◆ Instructions to follow: Only the lines containing the string "layers" are needed; copy all of them from the listing.

◆ Data for analysis:
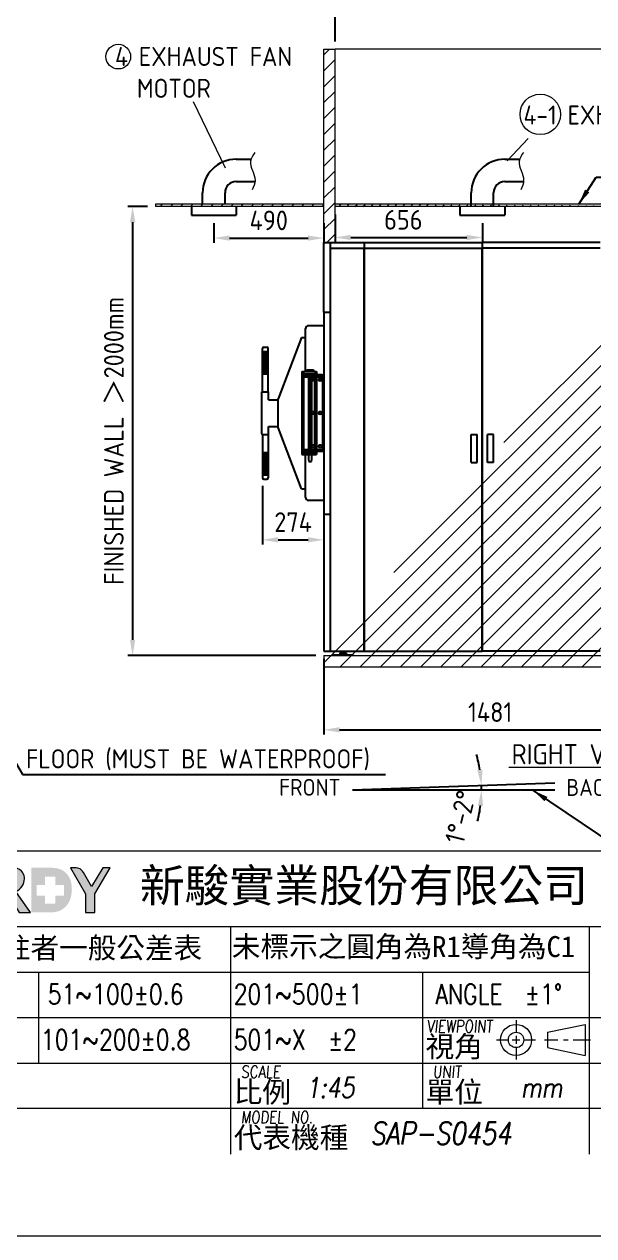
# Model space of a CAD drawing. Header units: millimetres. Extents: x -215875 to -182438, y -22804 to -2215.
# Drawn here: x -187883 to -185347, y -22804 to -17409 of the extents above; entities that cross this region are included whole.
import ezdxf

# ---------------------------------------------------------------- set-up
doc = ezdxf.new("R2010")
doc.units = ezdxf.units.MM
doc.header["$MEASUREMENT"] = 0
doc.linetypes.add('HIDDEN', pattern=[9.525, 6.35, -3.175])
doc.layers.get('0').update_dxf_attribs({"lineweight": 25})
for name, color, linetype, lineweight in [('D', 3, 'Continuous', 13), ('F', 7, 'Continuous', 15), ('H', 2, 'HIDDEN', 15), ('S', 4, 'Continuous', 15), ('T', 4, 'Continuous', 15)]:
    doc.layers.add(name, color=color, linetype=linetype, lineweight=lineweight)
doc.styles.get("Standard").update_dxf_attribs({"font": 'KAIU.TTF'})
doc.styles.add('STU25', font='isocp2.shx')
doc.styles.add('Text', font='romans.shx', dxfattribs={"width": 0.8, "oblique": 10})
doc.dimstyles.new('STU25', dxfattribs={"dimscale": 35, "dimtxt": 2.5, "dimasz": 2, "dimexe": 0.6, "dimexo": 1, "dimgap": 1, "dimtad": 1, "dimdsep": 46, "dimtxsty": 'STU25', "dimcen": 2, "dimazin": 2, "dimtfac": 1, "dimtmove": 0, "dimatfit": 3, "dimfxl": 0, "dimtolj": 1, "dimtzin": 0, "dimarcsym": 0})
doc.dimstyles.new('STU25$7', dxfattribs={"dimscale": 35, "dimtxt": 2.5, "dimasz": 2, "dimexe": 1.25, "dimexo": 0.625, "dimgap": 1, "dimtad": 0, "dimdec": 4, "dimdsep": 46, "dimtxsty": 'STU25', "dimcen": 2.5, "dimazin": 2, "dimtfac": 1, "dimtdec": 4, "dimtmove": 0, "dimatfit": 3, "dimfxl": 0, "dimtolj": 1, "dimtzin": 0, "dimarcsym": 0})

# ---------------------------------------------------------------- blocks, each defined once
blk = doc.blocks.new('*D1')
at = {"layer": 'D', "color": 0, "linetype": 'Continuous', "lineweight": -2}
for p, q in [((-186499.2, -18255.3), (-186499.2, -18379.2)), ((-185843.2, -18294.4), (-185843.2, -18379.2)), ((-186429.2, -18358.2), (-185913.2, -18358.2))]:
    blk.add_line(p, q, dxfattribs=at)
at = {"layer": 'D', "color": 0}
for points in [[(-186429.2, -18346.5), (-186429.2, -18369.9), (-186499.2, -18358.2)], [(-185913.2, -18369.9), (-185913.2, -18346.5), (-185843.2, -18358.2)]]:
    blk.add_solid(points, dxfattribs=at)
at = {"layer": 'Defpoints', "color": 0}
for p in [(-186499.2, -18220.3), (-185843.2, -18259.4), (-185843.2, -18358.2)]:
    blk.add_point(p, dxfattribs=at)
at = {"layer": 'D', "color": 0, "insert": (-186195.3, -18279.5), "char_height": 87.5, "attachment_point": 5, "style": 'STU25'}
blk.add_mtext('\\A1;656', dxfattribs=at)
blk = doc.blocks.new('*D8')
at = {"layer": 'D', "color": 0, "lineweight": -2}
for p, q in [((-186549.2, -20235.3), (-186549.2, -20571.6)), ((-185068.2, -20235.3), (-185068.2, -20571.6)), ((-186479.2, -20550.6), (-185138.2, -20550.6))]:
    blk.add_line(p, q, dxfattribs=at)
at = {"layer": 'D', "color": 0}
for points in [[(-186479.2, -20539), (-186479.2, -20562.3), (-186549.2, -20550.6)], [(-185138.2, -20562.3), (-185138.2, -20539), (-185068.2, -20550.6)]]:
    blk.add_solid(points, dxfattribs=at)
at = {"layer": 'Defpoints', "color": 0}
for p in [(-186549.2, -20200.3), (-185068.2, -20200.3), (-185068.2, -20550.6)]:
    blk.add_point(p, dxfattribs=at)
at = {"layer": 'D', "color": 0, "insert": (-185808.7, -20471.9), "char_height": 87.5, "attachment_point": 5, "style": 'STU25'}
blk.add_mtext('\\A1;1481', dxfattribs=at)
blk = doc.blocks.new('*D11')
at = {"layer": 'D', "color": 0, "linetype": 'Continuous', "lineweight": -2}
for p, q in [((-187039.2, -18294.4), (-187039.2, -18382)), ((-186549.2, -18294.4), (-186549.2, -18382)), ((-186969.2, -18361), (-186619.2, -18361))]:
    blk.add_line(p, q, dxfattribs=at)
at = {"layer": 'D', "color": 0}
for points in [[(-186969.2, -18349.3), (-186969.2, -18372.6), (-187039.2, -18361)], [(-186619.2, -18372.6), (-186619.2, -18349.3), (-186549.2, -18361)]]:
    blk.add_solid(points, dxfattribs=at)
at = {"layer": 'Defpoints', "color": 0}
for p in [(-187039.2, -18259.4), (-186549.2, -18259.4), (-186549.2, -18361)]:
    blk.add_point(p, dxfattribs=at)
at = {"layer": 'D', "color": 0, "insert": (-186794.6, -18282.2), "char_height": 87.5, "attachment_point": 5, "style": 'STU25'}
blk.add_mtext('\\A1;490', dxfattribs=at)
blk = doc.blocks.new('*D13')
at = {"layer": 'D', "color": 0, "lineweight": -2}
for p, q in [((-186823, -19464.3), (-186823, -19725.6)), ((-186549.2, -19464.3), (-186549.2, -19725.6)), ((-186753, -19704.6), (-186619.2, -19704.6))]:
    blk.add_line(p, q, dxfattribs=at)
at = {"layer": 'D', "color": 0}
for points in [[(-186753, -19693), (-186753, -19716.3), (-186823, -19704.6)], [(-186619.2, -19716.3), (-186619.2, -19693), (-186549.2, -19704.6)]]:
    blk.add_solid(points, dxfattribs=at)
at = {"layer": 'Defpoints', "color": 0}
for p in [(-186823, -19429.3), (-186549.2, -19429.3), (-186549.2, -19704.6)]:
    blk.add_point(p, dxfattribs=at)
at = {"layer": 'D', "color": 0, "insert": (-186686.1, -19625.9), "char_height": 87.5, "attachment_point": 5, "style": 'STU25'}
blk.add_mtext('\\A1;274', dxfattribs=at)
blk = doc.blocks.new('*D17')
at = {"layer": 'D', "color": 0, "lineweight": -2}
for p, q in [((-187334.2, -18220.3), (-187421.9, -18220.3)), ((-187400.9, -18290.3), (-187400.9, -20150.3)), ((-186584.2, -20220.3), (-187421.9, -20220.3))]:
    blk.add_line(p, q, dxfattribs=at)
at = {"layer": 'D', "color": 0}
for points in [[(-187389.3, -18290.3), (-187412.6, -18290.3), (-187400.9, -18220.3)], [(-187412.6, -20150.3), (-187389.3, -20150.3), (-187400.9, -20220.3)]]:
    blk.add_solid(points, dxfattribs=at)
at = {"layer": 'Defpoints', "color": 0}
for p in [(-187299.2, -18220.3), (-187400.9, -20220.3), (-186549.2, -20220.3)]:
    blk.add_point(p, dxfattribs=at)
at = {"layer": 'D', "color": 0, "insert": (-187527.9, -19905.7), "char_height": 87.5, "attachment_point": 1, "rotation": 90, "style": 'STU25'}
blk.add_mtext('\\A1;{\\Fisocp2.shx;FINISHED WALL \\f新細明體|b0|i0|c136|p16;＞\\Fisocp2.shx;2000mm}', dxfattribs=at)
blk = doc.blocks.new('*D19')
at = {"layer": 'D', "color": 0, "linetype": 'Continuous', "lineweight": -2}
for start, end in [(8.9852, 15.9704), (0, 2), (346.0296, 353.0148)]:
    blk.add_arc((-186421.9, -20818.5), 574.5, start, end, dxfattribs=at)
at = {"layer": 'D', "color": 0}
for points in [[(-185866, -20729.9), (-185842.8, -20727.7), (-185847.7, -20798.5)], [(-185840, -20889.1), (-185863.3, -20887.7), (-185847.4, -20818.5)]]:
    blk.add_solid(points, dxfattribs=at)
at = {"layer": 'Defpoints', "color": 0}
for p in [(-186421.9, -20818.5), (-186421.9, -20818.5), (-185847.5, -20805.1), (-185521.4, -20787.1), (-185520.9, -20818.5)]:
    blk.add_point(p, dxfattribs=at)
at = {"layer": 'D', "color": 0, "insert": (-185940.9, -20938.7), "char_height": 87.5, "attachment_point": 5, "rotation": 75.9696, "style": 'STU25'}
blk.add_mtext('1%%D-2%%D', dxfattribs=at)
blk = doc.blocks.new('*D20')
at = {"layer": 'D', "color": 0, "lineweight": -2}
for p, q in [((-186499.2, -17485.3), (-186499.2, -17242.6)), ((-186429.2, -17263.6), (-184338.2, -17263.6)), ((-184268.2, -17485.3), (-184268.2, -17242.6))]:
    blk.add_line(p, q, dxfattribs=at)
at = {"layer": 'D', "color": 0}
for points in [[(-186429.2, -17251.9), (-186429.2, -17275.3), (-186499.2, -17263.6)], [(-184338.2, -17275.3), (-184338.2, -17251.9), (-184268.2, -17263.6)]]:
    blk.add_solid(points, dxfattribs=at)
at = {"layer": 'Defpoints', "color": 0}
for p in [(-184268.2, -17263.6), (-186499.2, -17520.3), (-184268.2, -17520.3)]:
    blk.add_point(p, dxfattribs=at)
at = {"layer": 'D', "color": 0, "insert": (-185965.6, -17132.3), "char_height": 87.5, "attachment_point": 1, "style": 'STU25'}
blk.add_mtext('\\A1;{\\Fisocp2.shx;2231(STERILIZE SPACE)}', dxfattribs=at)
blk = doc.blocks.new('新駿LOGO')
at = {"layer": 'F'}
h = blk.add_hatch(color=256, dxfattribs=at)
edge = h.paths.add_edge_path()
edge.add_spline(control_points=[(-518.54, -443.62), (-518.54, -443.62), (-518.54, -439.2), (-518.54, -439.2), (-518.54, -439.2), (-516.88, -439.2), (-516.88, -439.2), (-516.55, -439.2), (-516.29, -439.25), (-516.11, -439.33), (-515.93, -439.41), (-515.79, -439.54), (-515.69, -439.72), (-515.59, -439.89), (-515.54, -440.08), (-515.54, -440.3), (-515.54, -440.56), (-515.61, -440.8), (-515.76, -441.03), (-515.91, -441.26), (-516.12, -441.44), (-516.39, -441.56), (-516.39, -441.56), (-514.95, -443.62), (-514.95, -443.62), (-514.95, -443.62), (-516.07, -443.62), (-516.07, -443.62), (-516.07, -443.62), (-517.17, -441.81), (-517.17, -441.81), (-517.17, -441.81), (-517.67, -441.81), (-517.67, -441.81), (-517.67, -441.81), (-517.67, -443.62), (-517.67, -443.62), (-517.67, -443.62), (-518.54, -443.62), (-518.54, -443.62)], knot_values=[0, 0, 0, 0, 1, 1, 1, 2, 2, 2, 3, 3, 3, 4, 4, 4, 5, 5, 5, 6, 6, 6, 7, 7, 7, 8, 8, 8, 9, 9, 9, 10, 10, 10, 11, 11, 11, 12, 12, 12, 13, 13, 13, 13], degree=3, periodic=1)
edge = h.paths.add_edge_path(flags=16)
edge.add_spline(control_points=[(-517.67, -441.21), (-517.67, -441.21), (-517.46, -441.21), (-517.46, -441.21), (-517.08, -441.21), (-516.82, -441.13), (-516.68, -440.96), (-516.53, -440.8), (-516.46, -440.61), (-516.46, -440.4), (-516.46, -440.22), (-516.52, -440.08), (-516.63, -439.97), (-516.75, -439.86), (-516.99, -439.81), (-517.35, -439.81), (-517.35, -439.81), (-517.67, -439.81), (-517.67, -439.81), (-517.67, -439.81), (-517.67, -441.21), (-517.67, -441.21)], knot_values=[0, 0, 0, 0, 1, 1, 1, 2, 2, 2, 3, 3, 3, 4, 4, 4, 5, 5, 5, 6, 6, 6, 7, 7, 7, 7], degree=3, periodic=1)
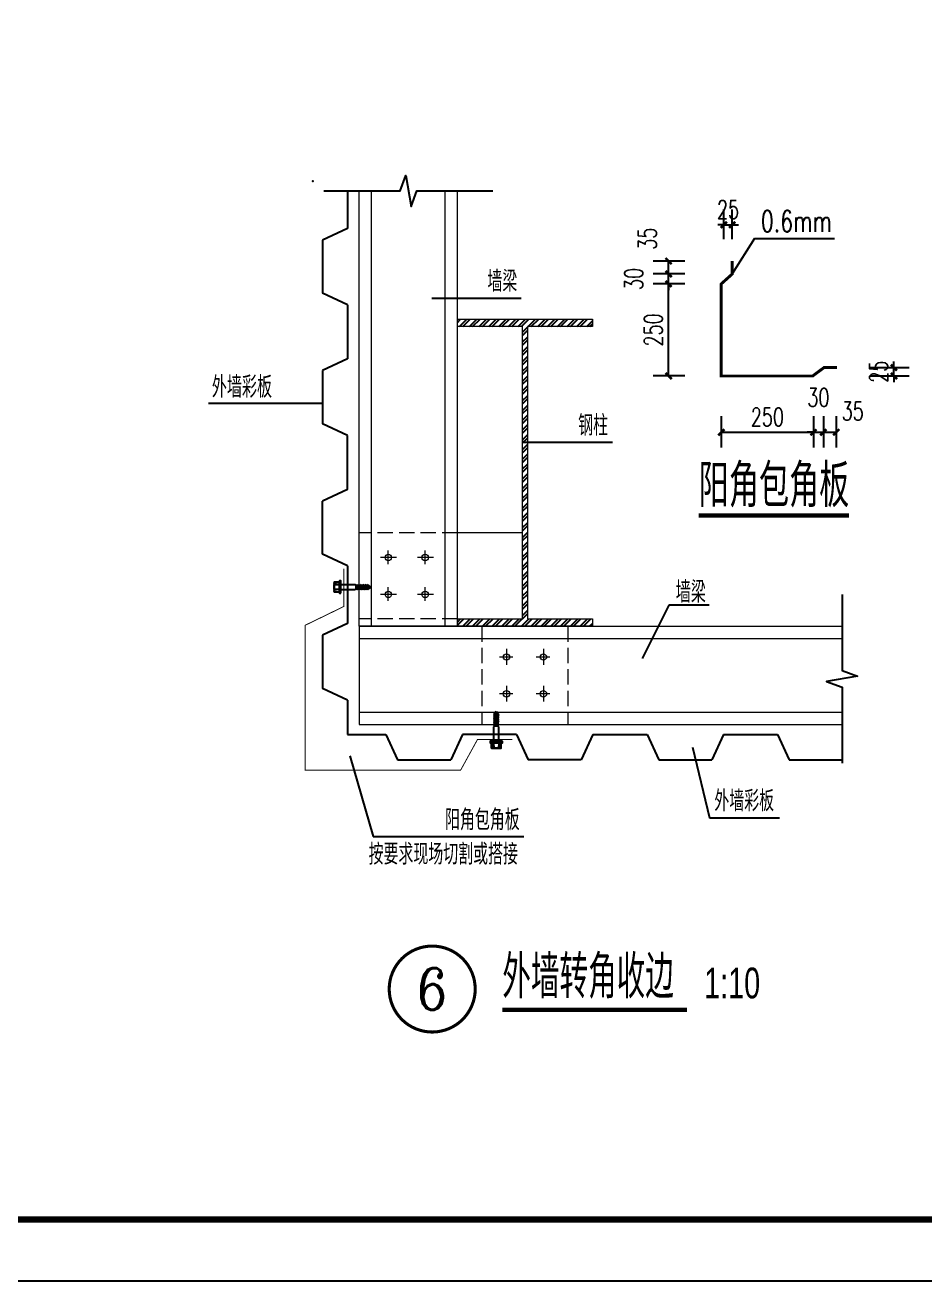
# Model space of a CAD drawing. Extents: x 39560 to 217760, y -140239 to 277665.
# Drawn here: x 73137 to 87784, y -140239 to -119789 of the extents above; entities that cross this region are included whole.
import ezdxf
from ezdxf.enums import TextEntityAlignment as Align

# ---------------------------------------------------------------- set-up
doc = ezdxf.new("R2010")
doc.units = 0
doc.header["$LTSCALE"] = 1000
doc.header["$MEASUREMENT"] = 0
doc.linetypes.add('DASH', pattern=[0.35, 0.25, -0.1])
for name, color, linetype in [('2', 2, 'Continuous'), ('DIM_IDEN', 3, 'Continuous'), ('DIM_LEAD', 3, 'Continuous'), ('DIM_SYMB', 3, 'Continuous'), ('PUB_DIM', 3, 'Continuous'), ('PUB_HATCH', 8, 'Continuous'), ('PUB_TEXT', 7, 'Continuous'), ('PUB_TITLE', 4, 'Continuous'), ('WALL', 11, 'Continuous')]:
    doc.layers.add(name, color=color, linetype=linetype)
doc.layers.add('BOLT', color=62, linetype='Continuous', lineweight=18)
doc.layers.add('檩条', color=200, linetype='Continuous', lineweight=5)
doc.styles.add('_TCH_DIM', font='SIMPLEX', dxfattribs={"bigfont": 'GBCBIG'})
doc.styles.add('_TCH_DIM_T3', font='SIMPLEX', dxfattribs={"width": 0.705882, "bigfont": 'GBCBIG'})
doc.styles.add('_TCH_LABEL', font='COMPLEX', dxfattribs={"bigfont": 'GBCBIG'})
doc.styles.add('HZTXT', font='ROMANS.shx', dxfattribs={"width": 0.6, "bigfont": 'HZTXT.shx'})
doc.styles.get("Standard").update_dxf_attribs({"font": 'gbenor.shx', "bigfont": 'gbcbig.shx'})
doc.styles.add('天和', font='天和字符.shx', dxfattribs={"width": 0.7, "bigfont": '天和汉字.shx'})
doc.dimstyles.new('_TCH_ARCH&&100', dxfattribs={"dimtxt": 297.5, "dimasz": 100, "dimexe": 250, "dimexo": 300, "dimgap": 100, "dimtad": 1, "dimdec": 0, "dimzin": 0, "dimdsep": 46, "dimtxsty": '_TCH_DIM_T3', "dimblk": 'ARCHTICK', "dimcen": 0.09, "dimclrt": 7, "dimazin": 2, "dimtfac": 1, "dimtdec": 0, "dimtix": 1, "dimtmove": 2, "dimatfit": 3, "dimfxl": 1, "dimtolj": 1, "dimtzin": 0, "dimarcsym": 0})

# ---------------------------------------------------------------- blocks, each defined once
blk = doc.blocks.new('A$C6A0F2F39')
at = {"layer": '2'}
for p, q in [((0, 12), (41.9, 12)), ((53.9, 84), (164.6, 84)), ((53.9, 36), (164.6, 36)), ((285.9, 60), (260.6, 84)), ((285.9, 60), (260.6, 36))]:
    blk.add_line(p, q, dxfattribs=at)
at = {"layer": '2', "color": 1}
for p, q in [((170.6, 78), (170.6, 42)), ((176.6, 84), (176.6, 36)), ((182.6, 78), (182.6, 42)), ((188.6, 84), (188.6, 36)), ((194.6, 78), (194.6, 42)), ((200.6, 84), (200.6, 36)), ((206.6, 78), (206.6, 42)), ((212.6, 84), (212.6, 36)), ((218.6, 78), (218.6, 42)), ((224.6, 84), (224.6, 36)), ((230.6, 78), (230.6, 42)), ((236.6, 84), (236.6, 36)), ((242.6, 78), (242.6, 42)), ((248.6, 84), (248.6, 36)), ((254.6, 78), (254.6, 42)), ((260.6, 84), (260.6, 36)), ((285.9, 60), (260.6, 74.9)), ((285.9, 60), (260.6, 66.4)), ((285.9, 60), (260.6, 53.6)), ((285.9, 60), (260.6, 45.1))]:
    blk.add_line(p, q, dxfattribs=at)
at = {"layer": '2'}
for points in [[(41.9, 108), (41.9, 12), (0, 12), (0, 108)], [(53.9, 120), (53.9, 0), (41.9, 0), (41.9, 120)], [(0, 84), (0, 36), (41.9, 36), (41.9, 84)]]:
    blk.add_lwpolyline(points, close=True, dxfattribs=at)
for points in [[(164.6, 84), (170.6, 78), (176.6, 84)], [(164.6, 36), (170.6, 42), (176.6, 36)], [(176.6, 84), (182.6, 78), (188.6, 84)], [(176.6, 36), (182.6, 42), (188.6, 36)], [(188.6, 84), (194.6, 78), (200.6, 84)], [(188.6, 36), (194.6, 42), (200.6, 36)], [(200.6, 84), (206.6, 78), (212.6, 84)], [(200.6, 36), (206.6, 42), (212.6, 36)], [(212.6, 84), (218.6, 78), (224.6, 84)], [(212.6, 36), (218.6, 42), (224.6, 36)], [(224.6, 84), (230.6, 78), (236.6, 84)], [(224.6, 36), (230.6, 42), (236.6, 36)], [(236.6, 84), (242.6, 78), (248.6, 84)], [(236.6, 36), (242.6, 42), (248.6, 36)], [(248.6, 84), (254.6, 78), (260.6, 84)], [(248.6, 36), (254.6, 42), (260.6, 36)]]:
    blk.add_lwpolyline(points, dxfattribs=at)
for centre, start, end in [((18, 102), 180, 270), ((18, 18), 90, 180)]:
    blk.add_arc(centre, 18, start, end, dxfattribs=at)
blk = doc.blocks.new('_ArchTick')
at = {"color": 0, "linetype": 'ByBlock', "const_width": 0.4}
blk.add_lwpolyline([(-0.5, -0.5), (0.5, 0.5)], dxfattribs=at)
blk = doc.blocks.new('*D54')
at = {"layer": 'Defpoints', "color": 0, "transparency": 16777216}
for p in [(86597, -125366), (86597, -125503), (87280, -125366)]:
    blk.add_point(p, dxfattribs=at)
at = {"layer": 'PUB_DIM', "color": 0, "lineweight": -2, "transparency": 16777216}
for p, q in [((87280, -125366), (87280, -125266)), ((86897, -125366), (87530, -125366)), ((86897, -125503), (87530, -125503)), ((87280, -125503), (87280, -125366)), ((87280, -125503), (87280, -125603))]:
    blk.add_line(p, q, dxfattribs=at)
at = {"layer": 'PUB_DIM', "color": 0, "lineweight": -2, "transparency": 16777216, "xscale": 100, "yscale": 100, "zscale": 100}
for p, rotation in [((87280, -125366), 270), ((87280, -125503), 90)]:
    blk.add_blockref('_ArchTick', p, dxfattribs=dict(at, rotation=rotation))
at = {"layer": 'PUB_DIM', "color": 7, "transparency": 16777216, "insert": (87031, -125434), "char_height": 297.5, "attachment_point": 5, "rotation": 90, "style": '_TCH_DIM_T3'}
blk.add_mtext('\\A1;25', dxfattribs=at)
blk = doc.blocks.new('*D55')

◆ Response box:
doc.layers.get('0').update_dxf_attribs({"lineweight": 25})
    doc.layers.add(name, color=color, linetype=linetype, lineweight=lineweight)
    doc.layers.add(name, color=color, linetype=linetype)
doc.layers.add('BOLT', color=62, linetype='Continuous', lineweight=18)
doc.layers.add('檩条', color=200, linetype='Continuous', lineweight=5)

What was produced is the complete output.